-- Exercise instructions --
Only one stretch of the data below is needed. Output the lines from the one with "Bus power within available current limits kW : Fcn" up to and including the one with "[request] -> inputs limited/1", exactly as they stand.
** Opening Records provided block **
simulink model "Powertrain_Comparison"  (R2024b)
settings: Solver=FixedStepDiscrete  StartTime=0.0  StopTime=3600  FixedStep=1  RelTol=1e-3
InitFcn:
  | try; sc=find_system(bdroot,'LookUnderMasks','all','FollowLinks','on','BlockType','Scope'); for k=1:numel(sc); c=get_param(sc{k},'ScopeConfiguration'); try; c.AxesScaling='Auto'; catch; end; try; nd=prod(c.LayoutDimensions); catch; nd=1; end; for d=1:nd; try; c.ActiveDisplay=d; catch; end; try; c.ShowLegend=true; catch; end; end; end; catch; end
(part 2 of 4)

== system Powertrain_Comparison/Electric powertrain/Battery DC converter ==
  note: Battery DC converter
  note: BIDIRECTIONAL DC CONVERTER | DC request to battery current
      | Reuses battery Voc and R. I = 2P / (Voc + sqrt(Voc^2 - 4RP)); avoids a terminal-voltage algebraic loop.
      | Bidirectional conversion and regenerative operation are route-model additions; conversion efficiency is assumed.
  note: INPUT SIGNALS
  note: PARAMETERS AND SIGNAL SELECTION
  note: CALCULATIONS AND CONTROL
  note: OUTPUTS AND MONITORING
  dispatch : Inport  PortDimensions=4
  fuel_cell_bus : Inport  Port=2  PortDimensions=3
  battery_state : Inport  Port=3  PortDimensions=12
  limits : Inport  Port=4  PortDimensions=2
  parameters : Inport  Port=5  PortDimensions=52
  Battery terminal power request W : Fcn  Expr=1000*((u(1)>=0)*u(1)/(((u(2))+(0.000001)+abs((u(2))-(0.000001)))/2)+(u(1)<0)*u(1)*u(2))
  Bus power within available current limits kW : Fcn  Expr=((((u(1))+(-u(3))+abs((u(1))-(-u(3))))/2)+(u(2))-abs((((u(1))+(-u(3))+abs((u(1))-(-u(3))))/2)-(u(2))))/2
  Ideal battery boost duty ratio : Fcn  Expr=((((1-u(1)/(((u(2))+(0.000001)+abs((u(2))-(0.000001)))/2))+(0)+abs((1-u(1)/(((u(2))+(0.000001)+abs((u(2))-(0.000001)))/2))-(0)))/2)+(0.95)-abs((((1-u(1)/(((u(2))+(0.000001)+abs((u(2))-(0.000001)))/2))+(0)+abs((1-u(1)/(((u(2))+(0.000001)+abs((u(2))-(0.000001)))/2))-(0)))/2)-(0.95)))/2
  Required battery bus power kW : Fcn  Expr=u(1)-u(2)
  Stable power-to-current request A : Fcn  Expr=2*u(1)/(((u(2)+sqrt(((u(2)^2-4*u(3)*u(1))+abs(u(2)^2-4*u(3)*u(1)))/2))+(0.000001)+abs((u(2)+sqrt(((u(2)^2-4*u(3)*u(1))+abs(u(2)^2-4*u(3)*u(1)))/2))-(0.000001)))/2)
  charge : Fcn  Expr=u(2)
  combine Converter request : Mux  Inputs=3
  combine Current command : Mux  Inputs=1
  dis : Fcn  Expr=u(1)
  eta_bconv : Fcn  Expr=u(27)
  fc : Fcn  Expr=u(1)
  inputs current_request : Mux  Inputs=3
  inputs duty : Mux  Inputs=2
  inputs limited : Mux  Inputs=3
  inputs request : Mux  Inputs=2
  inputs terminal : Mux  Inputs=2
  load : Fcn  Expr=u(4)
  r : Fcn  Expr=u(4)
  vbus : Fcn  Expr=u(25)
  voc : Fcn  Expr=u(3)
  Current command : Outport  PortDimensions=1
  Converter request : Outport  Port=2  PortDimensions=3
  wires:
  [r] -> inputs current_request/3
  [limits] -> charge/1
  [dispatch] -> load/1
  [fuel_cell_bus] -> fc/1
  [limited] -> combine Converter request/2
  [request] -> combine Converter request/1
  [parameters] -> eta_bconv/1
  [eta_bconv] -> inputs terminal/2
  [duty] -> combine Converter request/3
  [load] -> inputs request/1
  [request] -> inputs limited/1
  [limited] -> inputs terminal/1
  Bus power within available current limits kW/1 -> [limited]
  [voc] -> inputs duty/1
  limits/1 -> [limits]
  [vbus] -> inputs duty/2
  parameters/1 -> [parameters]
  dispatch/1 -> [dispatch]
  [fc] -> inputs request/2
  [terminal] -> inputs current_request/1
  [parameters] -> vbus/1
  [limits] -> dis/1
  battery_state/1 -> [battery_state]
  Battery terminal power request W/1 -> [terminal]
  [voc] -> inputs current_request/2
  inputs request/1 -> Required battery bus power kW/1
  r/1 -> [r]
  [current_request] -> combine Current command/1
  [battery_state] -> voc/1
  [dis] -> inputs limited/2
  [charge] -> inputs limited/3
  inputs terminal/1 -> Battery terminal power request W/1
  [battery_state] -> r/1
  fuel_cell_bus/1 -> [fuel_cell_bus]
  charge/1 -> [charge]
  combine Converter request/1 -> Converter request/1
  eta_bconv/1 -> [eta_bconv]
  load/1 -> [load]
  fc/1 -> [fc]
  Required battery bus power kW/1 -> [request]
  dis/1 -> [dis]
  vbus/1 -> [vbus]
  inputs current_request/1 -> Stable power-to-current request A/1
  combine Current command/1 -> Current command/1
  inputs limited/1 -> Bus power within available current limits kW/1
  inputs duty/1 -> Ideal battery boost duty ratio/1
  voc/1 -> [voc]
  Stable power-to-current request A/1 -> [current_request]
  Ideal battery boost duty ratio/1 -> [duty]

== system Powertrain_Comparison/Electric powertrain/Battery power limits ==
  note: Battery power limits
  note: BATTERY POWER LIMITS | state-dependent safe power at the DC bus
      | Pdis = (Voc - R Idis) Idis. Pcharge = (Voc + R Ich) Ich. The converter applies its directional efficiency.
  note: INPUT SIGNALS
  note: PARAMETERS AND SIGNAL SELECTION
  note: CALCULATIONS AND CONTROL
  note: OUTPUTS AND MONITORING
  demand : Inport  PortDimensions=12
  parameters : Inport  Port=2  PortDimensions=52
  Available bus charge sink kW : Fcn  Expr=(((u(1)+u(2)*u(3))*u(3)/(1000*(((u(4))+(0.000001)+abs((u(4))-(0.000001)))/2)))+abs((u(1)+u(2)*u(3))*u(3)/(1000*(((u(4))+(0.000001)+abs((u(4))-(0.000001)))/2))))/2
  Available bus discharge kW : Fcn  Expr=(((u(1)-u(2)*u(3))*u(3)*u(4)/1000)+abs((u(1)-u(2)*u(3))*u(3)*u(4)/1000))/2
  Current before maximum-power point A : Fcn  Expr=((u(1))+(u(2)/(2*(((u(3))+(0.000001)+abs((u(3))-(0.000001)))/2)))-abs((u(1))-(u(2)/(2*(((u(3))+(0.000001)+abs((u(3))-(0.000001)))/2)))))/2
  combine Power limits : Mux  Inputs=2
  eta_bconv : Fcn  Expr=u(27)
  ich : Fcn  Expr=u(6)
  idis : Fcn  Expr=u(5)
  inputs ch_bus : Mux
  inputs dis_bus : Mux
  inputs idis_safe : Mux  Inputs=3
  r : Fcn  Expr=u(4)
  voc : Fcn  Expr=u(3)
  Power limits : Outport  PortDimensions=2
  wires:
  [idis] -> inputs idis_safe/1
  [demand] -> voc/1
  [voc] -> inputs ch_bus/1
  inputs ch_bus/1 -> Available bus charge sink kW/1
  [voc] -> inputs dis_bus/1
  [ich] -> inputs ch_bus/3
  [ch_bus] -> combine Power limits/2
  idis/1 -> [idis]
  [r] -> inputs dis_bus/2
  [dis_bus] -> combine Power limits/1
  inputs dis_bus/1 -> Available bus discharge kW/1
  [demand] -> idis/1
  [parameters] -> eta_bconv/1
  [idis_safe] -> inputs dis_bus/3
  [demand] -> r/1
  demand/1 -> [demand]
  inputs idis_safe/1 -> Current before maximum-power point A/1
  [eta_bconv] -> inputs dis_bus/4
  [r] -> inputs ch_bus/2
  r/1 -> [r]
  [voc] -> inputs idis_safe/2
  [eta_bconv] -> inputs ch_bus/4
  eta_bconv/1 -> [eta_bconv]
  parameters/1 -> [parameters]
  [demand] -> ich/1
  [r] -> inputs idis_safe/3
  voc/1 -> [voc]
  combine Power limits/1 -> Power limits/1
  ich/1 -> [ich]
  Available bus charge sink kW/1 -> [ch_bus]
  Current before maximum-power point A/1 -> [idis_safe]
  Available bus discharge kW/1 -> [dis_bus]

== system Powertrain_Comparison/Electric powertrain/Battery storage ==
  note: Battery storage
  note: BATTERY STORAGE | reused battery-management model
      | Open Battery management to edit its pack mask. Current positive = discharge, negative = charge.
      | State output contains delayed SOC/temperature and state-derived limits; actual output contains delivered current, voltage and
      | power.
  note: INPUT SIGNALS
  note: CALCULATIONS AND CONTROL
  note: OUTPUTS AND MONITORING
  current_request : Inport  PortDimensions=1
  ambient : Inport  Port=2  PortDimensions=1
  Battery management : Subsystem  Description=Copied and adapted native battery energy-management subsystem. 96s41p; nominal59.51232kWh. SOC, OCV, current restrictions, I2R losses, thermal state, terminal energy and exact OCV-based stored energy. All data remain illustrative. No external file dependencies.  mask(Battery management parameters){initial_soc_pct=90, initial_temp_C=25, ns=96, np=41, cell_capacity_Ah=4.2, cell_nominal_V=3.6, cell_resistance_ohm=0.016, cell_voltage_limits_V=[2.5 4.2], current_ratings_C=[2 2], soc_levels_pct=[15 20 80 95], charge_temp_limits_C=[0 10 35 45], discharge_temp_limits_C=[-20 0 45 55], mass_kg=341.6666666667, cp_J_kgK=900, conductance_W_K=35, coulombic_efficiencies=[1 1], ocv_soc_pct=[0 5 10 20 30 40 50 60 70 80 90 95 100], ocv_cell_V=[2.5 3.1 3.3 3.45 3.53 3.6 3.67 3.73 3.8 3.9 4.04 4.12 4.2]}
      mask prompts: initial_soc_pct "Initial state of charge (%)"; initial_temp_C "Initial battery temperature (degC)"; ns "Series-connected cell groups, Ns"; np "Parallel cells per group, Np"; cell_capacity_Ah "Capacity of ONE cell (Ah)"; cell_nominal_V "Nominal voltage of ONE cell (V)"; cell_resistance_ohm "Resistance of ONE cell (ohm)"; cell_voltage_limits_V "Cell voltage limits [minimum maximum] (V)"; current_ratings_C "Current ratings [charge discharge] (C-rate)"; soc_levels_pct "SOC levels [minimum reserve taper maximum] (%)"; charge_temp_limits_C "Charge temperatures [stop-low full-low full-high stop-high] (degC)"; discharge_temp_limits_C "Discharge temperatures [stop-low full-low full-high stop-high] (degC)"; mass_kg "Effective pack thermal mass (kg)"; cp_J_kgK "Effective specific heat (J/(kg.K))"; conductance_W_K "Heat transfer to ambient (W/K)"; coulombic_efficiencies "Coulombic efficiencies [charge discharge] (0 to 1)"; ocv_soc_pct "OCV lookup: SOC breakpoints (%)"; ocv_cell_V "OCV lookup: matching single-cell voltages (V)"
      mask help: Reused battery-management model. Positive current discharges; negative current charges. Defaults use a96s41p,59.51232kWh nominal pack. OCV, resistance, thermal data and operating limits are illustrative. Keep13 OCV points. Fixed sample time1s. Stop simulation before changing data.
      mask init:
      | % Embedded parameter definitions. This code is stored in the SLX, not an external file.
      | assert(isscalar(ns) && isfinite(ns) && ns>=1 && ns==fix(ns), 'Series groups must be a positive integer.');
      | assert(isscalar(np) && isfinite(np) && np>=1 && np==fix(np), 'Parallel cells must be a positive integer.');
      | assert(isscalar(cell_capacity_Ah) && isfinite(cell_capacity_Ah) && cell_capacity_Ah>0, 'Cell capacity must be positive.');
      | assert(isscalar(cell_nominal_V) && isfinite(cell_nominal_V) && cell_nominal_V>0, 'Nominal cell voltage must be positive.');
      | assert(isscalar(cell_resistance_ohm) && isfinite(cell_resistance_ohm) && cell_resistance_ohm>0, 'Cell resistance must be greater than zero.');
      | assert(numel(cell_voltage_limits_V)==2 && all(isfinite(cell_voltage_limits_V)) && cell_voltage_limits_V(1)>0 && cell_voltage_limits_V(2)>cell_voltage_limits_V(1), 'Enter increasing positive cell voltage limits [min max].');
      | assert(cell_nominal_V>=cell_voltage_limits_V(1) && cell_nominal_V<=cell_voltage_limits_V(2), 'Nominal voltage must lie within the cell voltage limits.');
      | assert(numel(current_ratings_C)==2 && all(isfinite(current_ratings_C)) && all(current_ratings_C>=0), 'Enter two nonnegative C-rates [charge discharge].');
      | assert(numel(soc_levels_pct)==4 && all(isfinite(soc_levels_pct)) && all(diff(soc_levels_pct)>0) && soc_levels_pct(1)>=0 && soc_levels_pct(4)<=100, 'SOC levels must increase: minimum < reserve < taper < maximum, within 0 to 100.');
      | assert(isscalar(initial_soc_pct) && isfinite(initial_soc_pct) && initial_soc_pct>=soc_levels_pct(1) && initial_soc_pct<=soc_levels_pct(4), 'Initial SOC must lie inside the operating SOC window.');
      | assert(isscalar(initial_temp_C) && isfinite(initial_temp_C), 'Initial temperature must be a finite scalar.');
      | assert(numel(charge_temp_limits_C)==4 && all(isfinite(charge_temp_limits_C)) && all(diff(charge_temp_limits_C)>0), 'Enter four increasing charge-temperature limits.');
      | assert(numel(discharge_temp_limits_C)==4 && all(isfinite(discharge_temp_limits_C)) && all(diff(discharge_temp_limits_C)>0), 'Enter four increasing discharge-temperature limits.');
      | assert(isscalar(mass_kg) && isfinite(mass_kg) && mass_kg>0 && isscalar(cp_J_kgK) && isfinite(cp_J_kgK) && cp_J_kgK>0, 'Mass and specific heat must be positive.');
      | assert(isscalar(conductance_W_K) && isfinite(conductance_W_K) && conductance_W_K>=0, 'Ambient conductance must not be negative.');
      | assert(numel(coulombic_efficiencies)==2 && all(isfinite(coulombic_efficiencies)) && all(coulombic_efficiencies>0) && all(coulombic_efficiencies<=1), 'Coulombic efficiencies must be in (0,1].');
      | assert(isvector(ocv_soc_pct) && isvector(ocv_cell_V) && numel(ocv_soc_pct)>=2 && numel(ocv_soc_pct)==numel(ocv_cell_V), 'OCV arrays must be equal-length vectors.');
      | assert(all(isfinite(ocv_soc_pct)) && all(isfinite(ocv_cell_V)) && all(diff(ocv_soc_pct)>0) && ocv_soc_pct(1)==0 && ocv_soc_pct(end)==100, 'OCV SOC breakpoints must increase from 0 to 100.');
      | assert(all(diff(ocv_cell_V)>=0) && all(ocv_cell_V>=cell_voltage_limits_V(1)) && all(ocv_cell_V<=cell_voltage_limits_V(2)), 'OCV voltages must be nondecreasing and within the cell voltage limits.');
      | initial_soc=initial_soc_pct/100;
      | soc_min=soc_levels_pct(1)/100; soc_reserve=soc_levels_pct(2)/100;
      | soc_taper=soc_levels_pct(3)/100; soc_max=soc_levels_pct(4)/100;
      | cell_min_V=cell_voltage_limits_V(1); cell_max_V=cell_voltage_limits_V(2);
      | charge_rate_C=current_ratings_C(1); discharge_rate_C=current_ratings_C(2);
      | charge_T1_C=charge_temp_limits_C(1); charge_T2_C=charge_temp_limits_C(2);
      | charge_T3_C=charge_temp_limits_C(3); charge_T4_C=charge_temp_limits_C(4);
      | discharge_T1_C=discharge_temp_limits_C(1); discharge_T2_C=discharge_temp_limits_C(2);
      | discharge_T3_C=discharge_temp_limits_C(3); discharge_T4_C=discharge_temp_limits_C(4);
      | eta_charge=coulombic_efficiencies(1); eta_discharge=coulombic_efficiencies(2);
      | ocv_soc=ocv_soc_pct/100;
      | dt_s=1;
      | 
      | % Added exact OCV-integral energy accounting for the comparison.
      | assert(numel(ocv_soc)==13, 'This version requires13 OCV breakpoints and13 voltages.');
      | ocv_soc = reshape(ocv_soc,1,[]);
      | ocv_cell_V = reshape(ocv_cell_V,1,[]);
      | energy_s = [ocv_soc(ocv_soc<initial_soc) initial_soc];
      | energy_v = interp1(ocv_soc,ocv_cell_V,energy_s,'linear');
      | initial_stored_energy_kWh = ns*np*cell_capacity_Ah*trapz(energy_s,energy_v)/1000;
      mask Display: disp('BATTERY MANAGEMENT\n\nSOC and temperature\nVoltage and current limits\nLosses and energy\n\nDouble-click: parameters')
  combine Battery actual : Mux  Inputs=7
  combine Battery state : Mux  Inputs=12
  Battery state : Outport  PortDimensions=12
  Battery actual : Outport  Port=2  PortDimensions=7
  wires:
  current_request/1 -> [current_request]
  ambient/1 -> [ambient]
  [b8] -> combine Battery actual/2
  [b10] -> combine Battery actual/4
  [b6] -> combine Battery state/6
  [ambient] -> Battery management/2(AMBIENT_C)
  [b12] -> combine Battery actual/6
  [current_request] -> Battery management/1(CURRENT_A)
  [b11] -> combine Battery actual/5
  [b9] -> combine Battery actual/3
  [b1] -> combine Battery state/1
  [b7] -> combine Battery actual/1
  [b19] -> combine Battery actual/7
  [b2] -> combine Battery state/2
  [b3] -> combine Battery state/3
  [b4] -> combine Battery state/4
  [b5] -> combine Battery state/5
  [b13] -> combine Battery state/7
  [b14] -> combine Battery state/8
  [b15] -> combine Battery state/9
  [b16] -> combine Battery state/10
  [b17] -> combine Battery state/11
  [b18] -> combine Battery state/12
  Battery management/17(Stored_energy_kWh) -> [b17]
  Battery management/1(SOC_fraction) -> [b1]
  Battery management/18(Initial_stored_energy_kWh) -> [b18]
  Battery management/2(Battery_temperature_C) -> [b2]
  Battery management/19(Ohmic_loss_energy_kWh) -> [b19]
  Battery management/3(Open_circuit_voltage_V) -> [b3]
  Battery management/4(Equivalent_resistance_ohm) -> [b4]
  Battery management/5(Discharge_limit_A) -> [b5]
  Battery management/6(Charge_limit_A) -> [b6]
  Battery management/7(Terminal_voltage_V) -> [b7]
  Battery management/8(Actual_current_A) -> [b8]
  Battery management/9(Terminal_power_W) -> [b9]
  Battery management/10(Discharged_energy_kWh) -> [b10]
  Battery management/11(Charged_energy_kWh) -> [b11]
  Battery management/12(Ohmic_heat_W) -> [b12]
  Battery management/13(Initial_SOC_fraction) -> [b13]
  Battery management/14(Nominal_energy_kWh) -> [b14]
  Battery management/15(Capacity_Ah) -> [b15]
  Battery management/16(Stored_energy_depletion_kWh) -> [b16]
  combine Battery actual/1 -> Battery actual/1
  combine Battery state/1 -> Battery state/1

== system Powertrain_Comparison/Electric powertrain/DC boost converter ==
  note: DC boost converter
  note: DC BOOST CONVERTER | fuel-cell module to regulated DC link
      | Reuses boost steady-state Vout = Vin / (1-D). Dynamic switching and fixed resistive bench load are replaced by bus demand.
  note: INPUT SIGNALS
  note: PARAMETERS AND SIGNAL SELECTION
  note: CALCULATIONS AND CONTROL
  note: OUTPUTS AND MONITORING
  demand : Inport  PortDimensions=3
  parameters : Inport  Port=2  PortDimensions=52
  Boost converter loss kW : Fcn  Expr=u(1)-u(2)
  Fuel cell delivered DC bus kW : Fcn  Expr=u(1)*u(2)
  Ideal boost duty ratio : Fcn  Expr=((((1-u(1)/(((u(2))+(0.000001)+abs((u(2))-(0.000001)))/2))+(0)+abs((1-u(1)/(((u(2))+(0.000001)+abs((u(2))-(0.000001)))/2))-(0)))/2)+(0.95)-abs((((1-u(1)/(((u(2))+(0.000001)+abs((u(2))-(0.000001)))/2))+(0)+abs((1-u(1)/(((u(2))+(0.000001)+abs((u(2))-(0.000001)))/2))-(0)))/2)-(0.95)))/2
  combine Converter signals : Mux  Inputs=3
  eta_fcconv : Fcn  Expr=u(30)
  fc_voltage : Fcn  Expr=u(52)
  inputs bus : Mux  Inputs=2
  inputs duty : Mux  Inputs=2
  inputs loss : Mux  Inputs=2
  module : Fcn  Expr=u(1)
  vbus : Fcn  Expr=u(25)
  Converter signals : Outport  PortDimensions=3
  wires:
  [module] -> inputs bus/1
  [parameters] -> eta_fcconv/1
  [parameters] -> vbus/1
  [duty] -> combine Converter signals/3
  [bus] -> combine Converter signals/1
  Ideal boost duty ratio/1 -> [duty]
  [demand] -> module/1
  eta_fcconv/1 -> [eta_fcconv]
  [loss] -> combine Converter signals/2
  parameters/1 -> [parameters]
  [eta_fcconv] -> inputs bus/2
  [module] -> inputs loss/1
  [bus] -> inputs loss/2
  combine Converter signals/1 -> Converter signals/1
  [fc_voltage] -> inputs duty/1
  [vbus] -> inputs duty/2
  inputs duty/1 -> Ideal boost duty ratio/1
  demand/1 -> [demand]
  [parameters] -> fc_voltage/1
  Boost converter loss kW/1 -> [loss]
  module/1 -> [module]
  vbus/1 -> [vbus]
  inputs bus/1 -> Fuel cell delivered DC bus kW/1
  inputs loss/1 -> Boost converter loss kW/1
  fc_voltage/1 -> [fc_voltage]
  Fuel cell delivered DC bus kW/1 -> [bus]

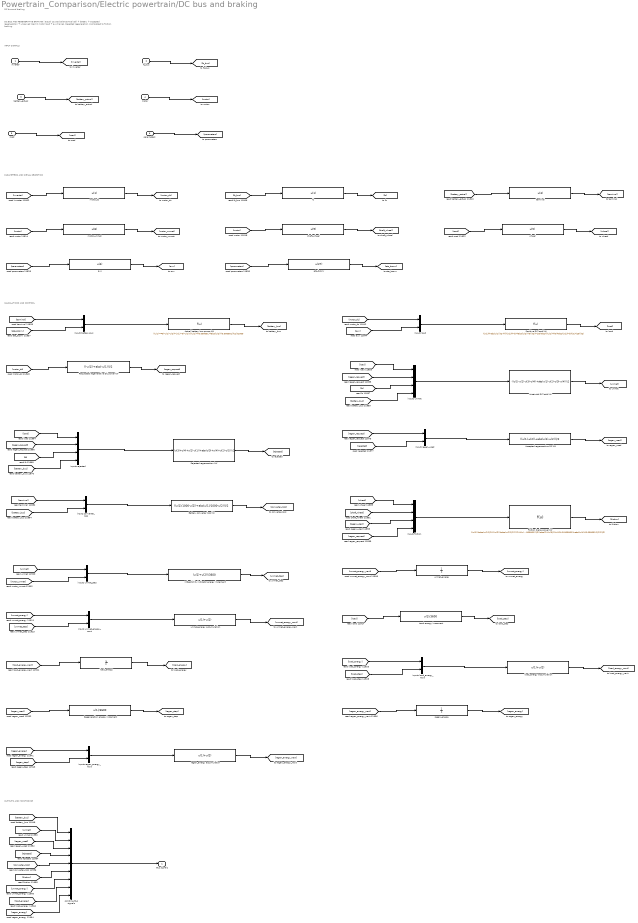
== system Powertrain_Comparison/Electric powertrain/DC bus and braking ==
  note: DC bus and braking
  note: DC BUS AND REGENERATIVE BRAKING | actual source balance
      | Fuel cell + battery + accepted regeneration + unserved load = motor load + auxiliaries. Rejected regeneration is allocated to
      | friction braking.
  note: INPUT SIGNALS
  note: PARAMETERS AND SIGNAL SELECTION
  note: CALCULATIONS AND CONTROL
  note: OUTPUTS AND MONITORING
  inverter : Inport  PortDimensions=2
  fc_bus : Inport  Port=2  PortDimensions=3
  battery_actual : Inport  Port=3  PortDimensions=7
  motor : Inport  Port=4  PortDimensions=9
  road : Inport  Port=5  PortDimensions=9
  parameters : Inport  Port=6  PortDimensions=52
  Accepted regenerative DC kW : Fcn  Expr=((u(1)-u(2))+abs(u(1)-u(2)))/2
  Actual battery bus power kW : Fcn  Expr=((u(1)>=0)*u(1)*u(2)+(u(1)<0)*u(1)/(((u(2))+(0.000001)+abs((u(2))-(0.000001)))/2))/1000
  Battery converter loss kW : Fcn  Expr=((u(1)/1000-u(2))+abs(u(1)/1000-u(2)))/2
** Closing Records provided block **
-- Exercise answer --
  Bus power within available current limits kW : Fcn  Expr=((((u(1))+(-u(3))+abs((u(1))-(-u(3))))/2)+(u(2))-abs((((u(1))+(-u(3))+abs((u(1))-(-u(3))))/2)-(u(2))))/2
  Ideal battery boost duty ratio : Fcn  Expr=((((1-u(1)/(((u(2))+(0.000001)+abs((u(2))-(0.000001)))/2))+(0)+abs((1-u(1)/(((u(2))+(0.000001)+abs((u(2))-(0.000001)))/2))-(0)))/2)+(0.95)-abs((((1-u(1)/(((u(2))+(0.000001)+abs((u(2))-(0.000001)))/2))+(0)+abs((1-u(1)/(((u(2))+(0.000001)+abs((u(2))-(0.000001)))/2))-(0)))/2)-(0.95)))/2
  Required battery bus power kW : Fcn  Expr=u(1)-u(2)
  Stable power-to-current request A : Fcn  Expr=2*u(1)/(((u(2)+sqrt(((u(2)^2-4*u(3)*u(1))+abs(u(2)^2-4*u(3)*u(1)))/2))+(0.000001)+abs((u(2)+sqrt(((u(2)^2-4*u(3)*u(1))+abs(u(2)^2-4*u(3)*u(1)))/2))-(0.000001)))/2)
  charge : Fcn  Expr=u(2)
  combine Converter request : Mux  Inputs=3
  combine Current command : Mux  Inputs=1
  dis : Fcn  Expr=u(1)
  eta_bconv : Fcn  Expr=u(27)
  fc : Fcn  Expr=u(1)
  inputs current_request : Mux  Inputs=3
  inputs duty : Mux  Inputs=2
  inputs limited : Mux  Inputs=3
  inputs request : Mux  Inputs=2
  inputs terminal : Mux  Inputs=2
  load : Fcn  Expr=u(4)
  r : Fcn  Expr=u(4)
  vbus : Fcn  Expr=u(25)
  voc : Fcn  Expr=u(3)
  Current command : Outport  PortDimensions=1
  Converter request : Outport  Port=2  PortDimensions=3
  wires:
  [r] -> inputs current_request/3
  [limits] -> charge/1
  [dispatch] -> load/1
  [fuel_cell_bus] -> fc/1
  [limited] -> combine Converter request/2
  [request] -> combine Converter request/1
  [parameters] -> eta_bconv/1
  [eta_bconv] -> inputs terminal/2
  [duty] -> combine Converter request/3
  [load] -> inputs request/1
  [request] -> inputs limited/1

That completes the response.